新加坡再度延迟退休年龄至64岁 高收入国家养老体系面临普遍挑战

问题:富裕经济体同样面临养老体系“紧平衡” 新加坡有关部门近日明确,2026年7月起将提高退休年龄与重雇年龄,并在同年调整与养老金涉及的的缴费参数:月薪缴费顶限由7400新元提高到8000新元,同时缴费费率上调1.5个百分点,其中企业端上调1个百分点、个人端上调0.5个百分点。国际货币基金组织数据显示,新加坡人均GDP接近10万美元。经济实力较强并不意味着养老压力自动消解,相反,人口老龄化、寿命延长和劳动参与变化正在重塑养老金收支格局。 原因:老龄化加速与劳动力增速放缓交织,推高长期支出 从国际经验看,延迟退休常与三类变量密切相关:其一,预期寿命延长使养老金领取期拉长,基金支出曲线前移且更陡;其二,低生育率带来的劳动力补充不足,缴费人群增长乏力;其三,产业结构升级与岗位技能要求变化,需要更充分利用中高龄劳动力的经验优势。新加坡本次“年龄+缴费”同步调整,显示其政策着力点不仅在于延后领取时间,更在于扩大缴费基数、提高储备速度,以增强制度的中长期韧性。 影响:延迟退休成为发达经济体普遍选项,就业与企业用工同步受考验 放眼全球,延迟退休已非个别国家的应急之举,而逐渐成为制度性选择。丹麦已提出逐步将退休年龄提高至70岁,日本、英国、美国等国家的退休年龄普遍在65岁及以上;德国围绕养老金可持续的讨论亦持续升温。其背后逻辑在于,许多国家的养老金制度以现收现付或以现收现付为主,劳动者缴费直接用于支付当期退休者待遇,一旦抚养比恶化、基金缺口扩大,制度调整压力就会集中体现为“多缴、晚退、适度降替代率”等组合拳。 对策:制度改革需统筹“保障基本、激励就业、分层补充、风险分担” 新加坡在提高退休与重雇年龄的同时,上调缴费顶限与费率,体现出以政策工具对冲人口结构变化的思路。对多数经济体而言,应对老龄化的政策框架通常包括:一是完善多层次养老保障体系,明确基本养老保障“保基本”的定位,推动企业年金、职业年金及个人养老金等补充渠道发展,提高来源多元化水平;二是优化劳动市场与岗位适配,通过培训、岗位改造和反年龄歧视机制,提升中高龄群体就业稳定性,避免“延退”与“难就业”相互叠加;三是动态调整制度参数,在缴费率、缴费基数、待遇计发、领取年龄之间建立更灵敏的联动机制,增强制度对经济周期与人口趋势的适应能力;四是加强财政与基金投资运营能力建设,在安全合规前提下提升长期回报,以缓释未来支出压力。 前景:延迟退休或将继续扩围,政策更强调渐进与配套 综合各国趋势判断,随着老龄化程度加深、劳动人口增速放缓,延迟退休仍可能在更多经济体推进,并呈现“渐进式、小步走、强配套”的特征:退休年龄调整节奏更平滑,重雇与灵活就业安排更制度化,缴费与待遇规则更加精细化。同时,围绕家庭照护、健康老龄化、劳动者职业转换与终身学习的公共政策投入将更加关键。对正在经历人口结构转变的经济体而言,前瞻性完善养老制度、扩大优质就业、提升人力资本,将成为应对长期挑战的共同课题。
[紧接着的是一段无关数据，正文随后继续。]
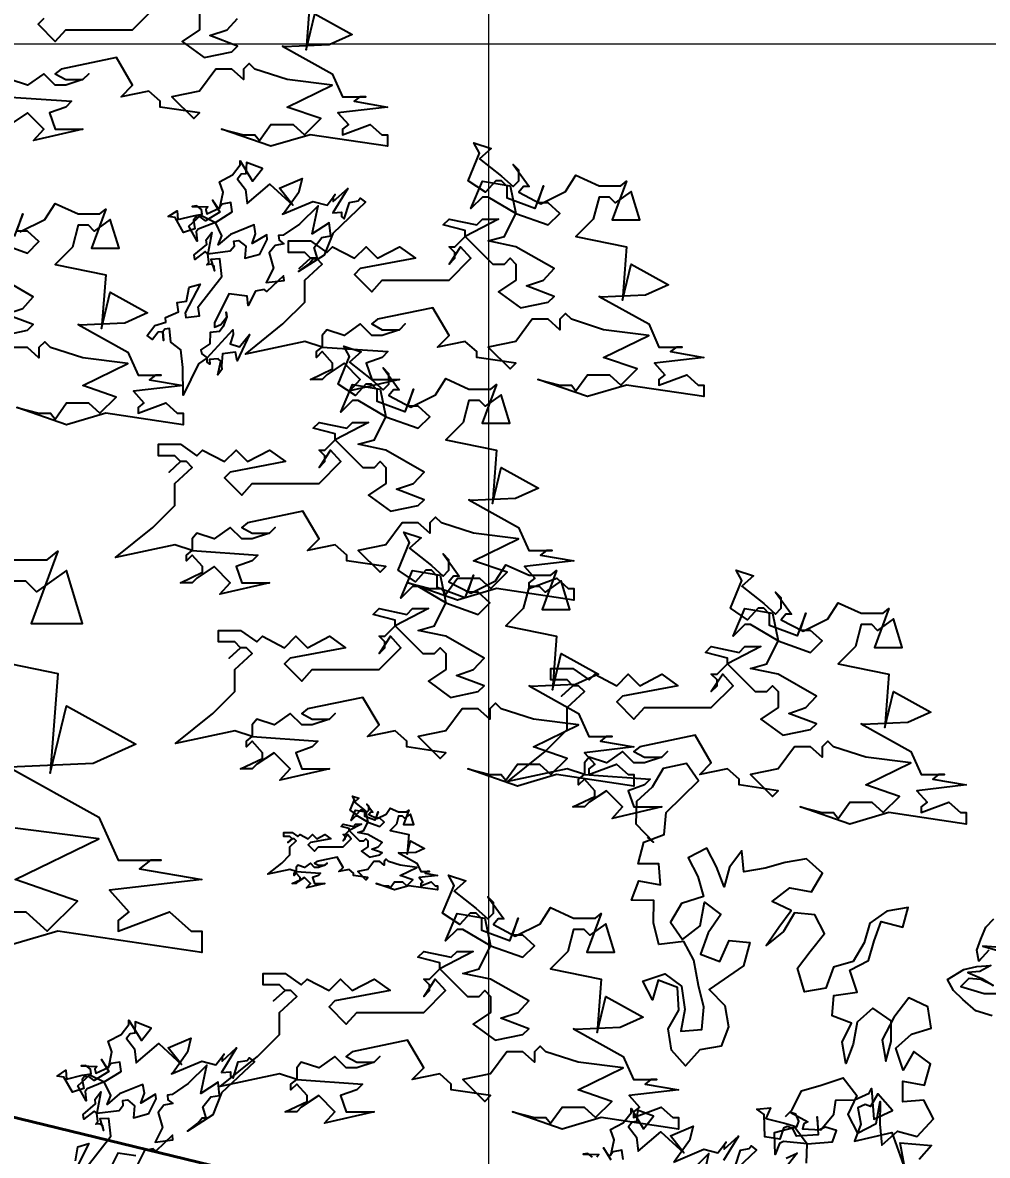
# Model space of a CAD drawing. Header units: millimetres. Extents: x 684983 to 685377, y 990360 to 990509.
# Drawn here: x 685067.581 to 685068.477, y 990445.006 to 990446.058 of the extents above; entities that cross this region are included whole.
import ezdxf

# ---------------------------------------------------------------- set-up
doc = ezdxf.new("R2010")
doc.units = ezdxf.units.MM
doc.header["$PDMODE"] = 35
doc.header["$PDSIZE"] = 0.2
doc.layers.add('BD', color=1, linetype='Continuous', lineweight=40)
doc.layers.add('grid', color=8, linetype='Continuous', lineweight=9)
for name, color, linetype in [('dim', 7, 'Continuous'), ('MAHAGONY', 7, 'Continuous'), ('SYMBOLS', 7, 'Continuous'), ('VENGA TREE', 7, 'Continuous')]:
    doc.layers.add(name, color=color, linetype=linetype)
doc.styles.add('DIM', font='ARIALN.TTF', dxfattribs={"width": 0.8, "height": 1})
doc.dimstyles.get("Standard").update_dxf_attribs({"dimtxt": 1, "dimasz": 0.18, "dimexe": 0.18, "dimexo": 0.0625, "dimgap": 0.09, "dimtad": 0, "dimrnd": 0.05, "dimzin": 0, "dimdsep": 46, "dimtxsty": 'DIM', "dimcen": 0.09, "dimse1": 1, "dimse2": 1, "dimsd1": 1, "dimsd2": 1, "dimadec": 0, "dimazin": 0, "dimtfac": 1, "dimtix": 1, "dimtofl": 0, "dimtmove": 2, "dimatfit": 3, "dimfxl": 0, "dimtolj": 1, "dimtzin": 0, "dimarcsym": 0})

# ---------------------------------------------------------------- blocks, each defined once
blk = doc.blocks.new('*D27')
at = {"layer": 'Defpoints', "color": 0, "transparency": 16777216}
for p in [(685056.3962, 990448.8721), (685056.142, 990447.83), (685075.2439, 990443.1706)]:
    blk.add_point(p, dxfattribs=at)
at = {"layer": 'dim', "color": 0, "transparency": 16777216, "insert": (685065.9471, 990446.5424), "char_height": 1, "attachment_point": 5, "rotation": 346.2918, "style": 'DIM'}
blk.add_mtext('\\A1;19.65', dxfattribs=at)
blk = doc.blocks.new('TREE30')
at = {"color": 3, "flags": 128}
for points in [[(-0.561, 2.6518), (-0.577, 2.6568), (-0.59, 2.6678), (-0.5991, 2.6768), (-0.6051, 2.6878), (-0.5891, 2.6978), (-0.5761, 2.7008), (-0.5621, 2.7018), (-0.5731, 2.6958), (-0.5851, 2.6948), (-0.5711, 2.6888), (-0.56, 2.6818), (-0.5721, 2.6878), (-0.5841, 2.6888), (-0.5921, 2.6808), (-0.569, 2.6738), (-0.54, 2.6738)], [(-0.5641, 2.7168), (-0.5741, 2.7058), (-0.5761, 2.7168), (-0.5721, 2.7278), (-0.5671, 2.7398), (-0.5591, 2.7479)], [(-0.5571, 2.7198), (-0.5701, 2.7208), (-0.5531, 2.7158)]]:
    blk.add_lwpolyline(points, dxfattribs=at)
blk = doc.blocks.new('A$C7BFB01F8')
at = {"layer": 'SYMBOLS', "color": 99}
for points in [[(2.3417, 3.8428), (2.336, 3.7683), (2.3482, 3.8186), (2.4002, 3.7897), (2.3681, 3.7754), (2.3054, 3.7725), (2.3033, 3.7736), (2.3724, 3.7351), (2.3868, 3.703), (2.419, 3.703), (2.4109, 3.703), (2.4029, 3.6966), (2.4494, 3.6885), (2.3804, 3.6805), (2.3948, 3.6645), (2.3868, 3.658), (2.3868, 3.6499), (2.4253, 3.6645), (2.4415, 3.6499), (2.4494, 3.6499), (2.4494, 3.6339), (2.3417, 3.6499), (2.2871, 3.6339), (2.2181, 3.658), (2.2487, 3.6499), (2.2647, 3.6499), (2.2711, 3.6419), (2.2871, 3.6645), (2.3178, 3.6645), (2.3338, 3.6499), (2.3563, 3.6725), (2.3097, 3.6885), (2.3724, 3.7191), (2.3097, 3.7271), (2.2647, 3.7416), (2.2567, 3.7495), (2.2487, 3.7416), (2.2487, 3.7271), (2.2326, 3.7416), (2.2101, 3.7416), (2.1876, 3.7109), (2.149, 3.703), (2.1797, 3.6725), (2.1876, 3.6805), (2.133, 3.6885), (2.133, 3.6966), (2.117, 3.7109), (2.0784, 3.703), (2.0944, 3.7191), (2.072, 3.7576), (1.9949, 3.7416), (1.9868, 3.7351), (2.0014, 3.7271), (2.0253, 3.7271), (2.0334, 3.7351), (2.0253, 3.7271), (2.0014, 3.7191), (1.9868, 3.7191), (1.9707, 3.7351), (1.9483, 3.7191), (1.9241, 3.7271)], [(1.9178, 3.703), (2.0093, 3.6966), (2.0014, 3.6885), (1.9788, 3.6805), (1.9868, 3.658), (2.0253, 3.658), (1.9564, 3.6419), (1.9707, 3.658), (1.9483, 3.6805), (1.9241, 3.6645)], [(1.9707, 3.8122), (1.9628, 3.8042), (1.9868, 3.7801), (2.0014, 3.7962), (2.0944, 3.7962), (2.125, 3.8267)], [(2.1876, 3.8186), (2.1876, 3.7962), (2.1634, 3.7801), (2.1941, 3.7576), (2.2326, 3.7655), (2.2407, 3.7736), (2.2021, 3.7881), (2.2261, 3.7962), (2.2407, 3.8122)], [(2.5775, 3.6165), (2.6081, 3.5924), (2.6242, 3.5779), (2.6321, 3.586), (2.6321, 3.6005), (2.6242, 3.6086), (2.6466, 3.5779), (2.6386, 3.5779), (2.6321, 3.57), (2.6627, 3.5539), (2.6973, 3.5712), (2.7117, 3.5936), (2.7439, 3.5791), (2.7744, 3.5791), (2.7823, 3.5856), (2.7623, 3.5314), (2.8009, 3.5314), (2.7888, 3.5712), (2.7663, 3.5551), (2.7583, 3.5631), (2.7439, 3.5631), (2.7359, 3.5326), (2.7117, 3.5085), (2.7823, 3.4941), (2.7765, 3.4196), (2.7888, 3.4699), (2.8407, 3.441), (2.8087, 3.4266), (2.746, 3.4238), (2.7439, 3.4249), (2.813, 3.3864), (2.8273, 3.3543), (2.8596, 3.3543), (2.8515, 3.3543), (2.8435, 3.3479), (2.89, 3.3398), (2.821, 3.3318), (2.8354, 3.3158), (2.8273, 3.3093), (2.8273, 3.3012), (2.8659, 3.3158), (2.882, 3.3012), (2.89, 3.3012), (2.89, 3.2852), (2.7823, 3.3012), (2.7277, 3.2852), (2.6587, 3.3093), (2.6892, 3.3012), (2.7053, 3.3012), (2.7117, 3.2932), (2.7277, 3.3158), (2.7583, 3.3158), (2.7744, 3.3012), (2.7969, 3.3238), (2.7503, 3.3398), (2.813, 3.3704), (2.7503, 3.3784), (2.7053, 3.3929), (2.6973, 3.4008), (2.6892, 3.3929), (2.6892, 3.3784), (2.6732, 3.3929), (2.6507, 3.3929), (2.6282, 3.3622), (2.5896, 3.3543), (2.6203, 3.3238), (2.6282, 3.3318), (2.5736, 3.3398), (2.5736, 3.3479), (2.5576, 3.3622), (2.519, 3.3543), (2.535, 3.3704), (2.5126, 3.4089), (2.4355, 3.3929), (2.4273, 3.3864), (2.442, 3.3784), (2.4659, 3.3784), (2.474, 3.3864), (2.4659, 3.3784), (2.442, 3.3704), (2.4273, 3.3704), (2.4113, 3.3864), (2.3889, 3.3704), (2.3647, 3.3784), (2.3584, 3.3704), (2.3584, 3.3543), (2.4499, 3.3479), (2.442, 3.3398), (2.4194, 3.3318), (2.4273, 3.3093), (2.4659, 3.3093), (2.3969, 3.2932), (2.4113, 3.3093), (2.3889, 3.3318), (2.3647, 3.3158), (2.3584, 3.3093), (2.3422, 3.3093), (2.3729, 3.3238), (2.3729, 3.3318), (2.3584, 3.3479), (2.3503, 3.3398), (2.3503, 3.3479), (2.3584, 3.3543), (2.3343, 3.3622), (2.2518, 3.3446), (2.3036, 3.3864), (2.3343, 3.4168), (2.3343, 3.4475), (2.3584, 3.4699), (2.3503, 3.478), (2.3422, 3.478), (2.3262, 3.4635), (2.3422, 3.478), (2.3343, 3.486), (2.3117, 3.486), (2.3117, 3.5021), (2.3422, 3.5021), (2.3647, 3.486), (2.3729, 3.4941), (2.4034, 3.478), (2.4194, 3.4941), (2.4355, 3.478), (2.4659, 3.4941), (2.4884, 3.478), (2.4113, 3.4635), (2.4034, 3.4555), (2.4273, 3.4314), (2.442, 3.4475), (2.535, 3.4475), (2.5655, 3.478), (2.5512, 3.4941), (2.535, 3.4699), (2.543, 3.478), (2.543, 3.486), (2.535, 3.4941), (2.543, 3.4941), (2.5576, 3.5085), (2.5576, 3.5166), (2.527, 3.5245), (2.535, 3.5326), (2.5736, 3.5245), (2.5817, 3.5326), (2.604, 3.5326), (2.5576, 3.5085), (2.5961, 3.4699), (2.6122, 3.4699), (2.6203, 3.478), (2.6282, 3.4699), (2.6282, 3.4475), (2.604, 3.4314), (2.6346, 3.4089), (2.6732, 3.4168), (2.6813, 3.4249), (2.6427, 3.4394), (2.6667, 3.4475), (2.6813, 3.4635), (2.6282, 3.4941), (2.5896, 3.5021), (2.6122, 3.5085), (2.6282, 3.5405), (2.5896, 3.5631), (2.5817, 3.5631), (2.5655, 3.5471), (2.5817, 3.5856), (2.6203, 3.5791), (2.6282, 3.5405), (2.6732, 3.5245), (2.6892, 3.5405), (2.6732, 3.5551), (2.6587, 3.5551), (2.6667, 3.5791), (2.6546, 3.5475), (2.6161, 3.5619), (2.6161, 3.5779), (2.6081, 3.586), (2.6, 3.586), (2.5856, 3.57), (2.5615, 3.586), (2.5775, 3.6246), (2.5695, 3.639), (2.5936, 3.631), (2.5775, 3.6165), (2.5775, 3.6165)], [(2.1572, 3.5318), (2.179, 3.5371), (2.1913, 3.5393), (2.1905, 3.5457), (2.1839, 3.5509), (2.1774, 3.5501), (2.1993, 3.5495), (2.1964, 3.5458), (2.1977, 3.54), (2.2159, 3.5482), (2.2204, 3.5701), (2.2153, 3.5846), (2.2333, 3.594), (2.2442, 3.6079), (2.2441, 3.6138), (2.2615, 3.5854), (2.2752, 3.6029), (2.2529, 3.6116), (2.2522, 3.5957), (2.2457, 3.5949), (2.2406, 3.5883), (2.2516, 3.5739), (2.2539, 3.5543), (2.2856, 3.5813), (2.3174, 3.5521), (2.2988, 3.5756), (2.3304, 3.5889), (2.3256, 3.5692), (2.3046, 3.5398), (2.3033, 3.5392), (2.3454, 3.5569), (2.3651, 3.552), (2.3765, 3.5666), (2.3737, 3.563), (2.3737, 3.557), (2.3939, 3.5753), (2.373, 3.5411), (2.3854, 3.542), (2.3855, 3.536), (2.3892, 3.5331), (2.3962, 3.5558), (2.4086, 3.558), (2.4114, 3.5616), (2.4187, 3.5559), (2.3732, 3.5127), (2.361, 3.4822), (2.3256, 3.4594), (2.3401, 3.4704), (2.3458, 3.4777), (2.3517, 3.4778), (2.3471, 3.4931), (2.358, 3.507), (2.3703, 3.5091), (2.3681, 3.5273), (2.3443, 3.5118), (2.3526, 3.5512), (2.3267, 3.5256), (2.3042, 3.5103), (2.2977, 3.5095), (2.2985, 3.503), (2.305, 3.4979), (2.2928, 3.4957), (2.2847, 3.4855), (2.2907, 3.4644), (2.2806, 3.4441), (2.3053, 3.4471), (2.3045, 3.4536), (2.2814, 3.4316), (2.2778, 3.4345), (2.2656, 3.4323), (2.2554, 3.412), (2.2538, 3.425), (2.2284, 3.4285), (2.2083, 3.3878), (2.2083, 3.3818), (2.2171, 3.3856), (2.2256, 3.3965), (2.2248, 3.403), (2.2256, 3.3965), (2.2207, 3.3828), (2.2155, 3.3761), (2.2026, 3.3745), (2.2019, 3.3587), (2.1896, 3.3505), (2.191, 3.3448), (2.1983, 3.3391), (2.2338, 3.3783), (2.2346, 3.3719), (2.2302, 3.3588), (2.2433, 3.3544), (2.257, 3.3719), (2.2398, 3.3349), (2.2376, 3.3471), (2.2194, 3.3449), (2.218, 3.3283), (2.2188, 3.3231), (2.213, 3.3157), (2.2173, 3.3348), (2.2137, 3.3377), (2.2013, 3.3368), (2.202, 3.3303), (2.1984, 3.3331), (2.1983, 3.3391), (2.1862, 3.331), (2.1648, 3.2872), (2.1643, 3.3257), (2.1614, 3.3504), (2.1475, 3.3613), (2.1458, 3.3802), (2.1393, 3.3794), (2.1364, 3.3757), (2.1373, 3.3633), (2.1364, 3.3757), (2.1299, 3.375), (2.1219, 3.3647), (2.1147, 3.3704), (2.1255, 3.3843), (2.1408, 3.3888), (2.14, 3.3954), (2.1582, 3.4035), (2.1565, 3.4165), (2.1696, 3.4181), (2.1731, 3.4376), (2.1884, 3.4421), (2.1676, 3.4019), (2.1684, 3.3955), (2.1878, 3.3978), (2.1857, 3.4101), (2.2188, 3.4524), (2.2158, 3.4771), (2.2034, 3.4763), (2.2086, 3.4604), (2.2078, 3.4669), (2.2042, 3.4697), (2.1977, 3.469), (2.2005, 3.4726), (2.1991, 3.4843), (2.1955, 3.4872), (2.181, 3.4761), (2.1802, 3.4827), (2.1976, 3.4973), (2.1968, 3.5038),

人口老龄化是全球性挑战,发达国家经验表明,经济实力无法完全抵消其影响。我国正处于老龄化加速期,需借鉴国际经验,完善养老保险制度,同时引导社会树立积极养老观念。个人、家庭、社会和国家需共同努力,从制度创新、储备积累和健康维护等多方面做好准备,才能实现养老事业的可持续发展。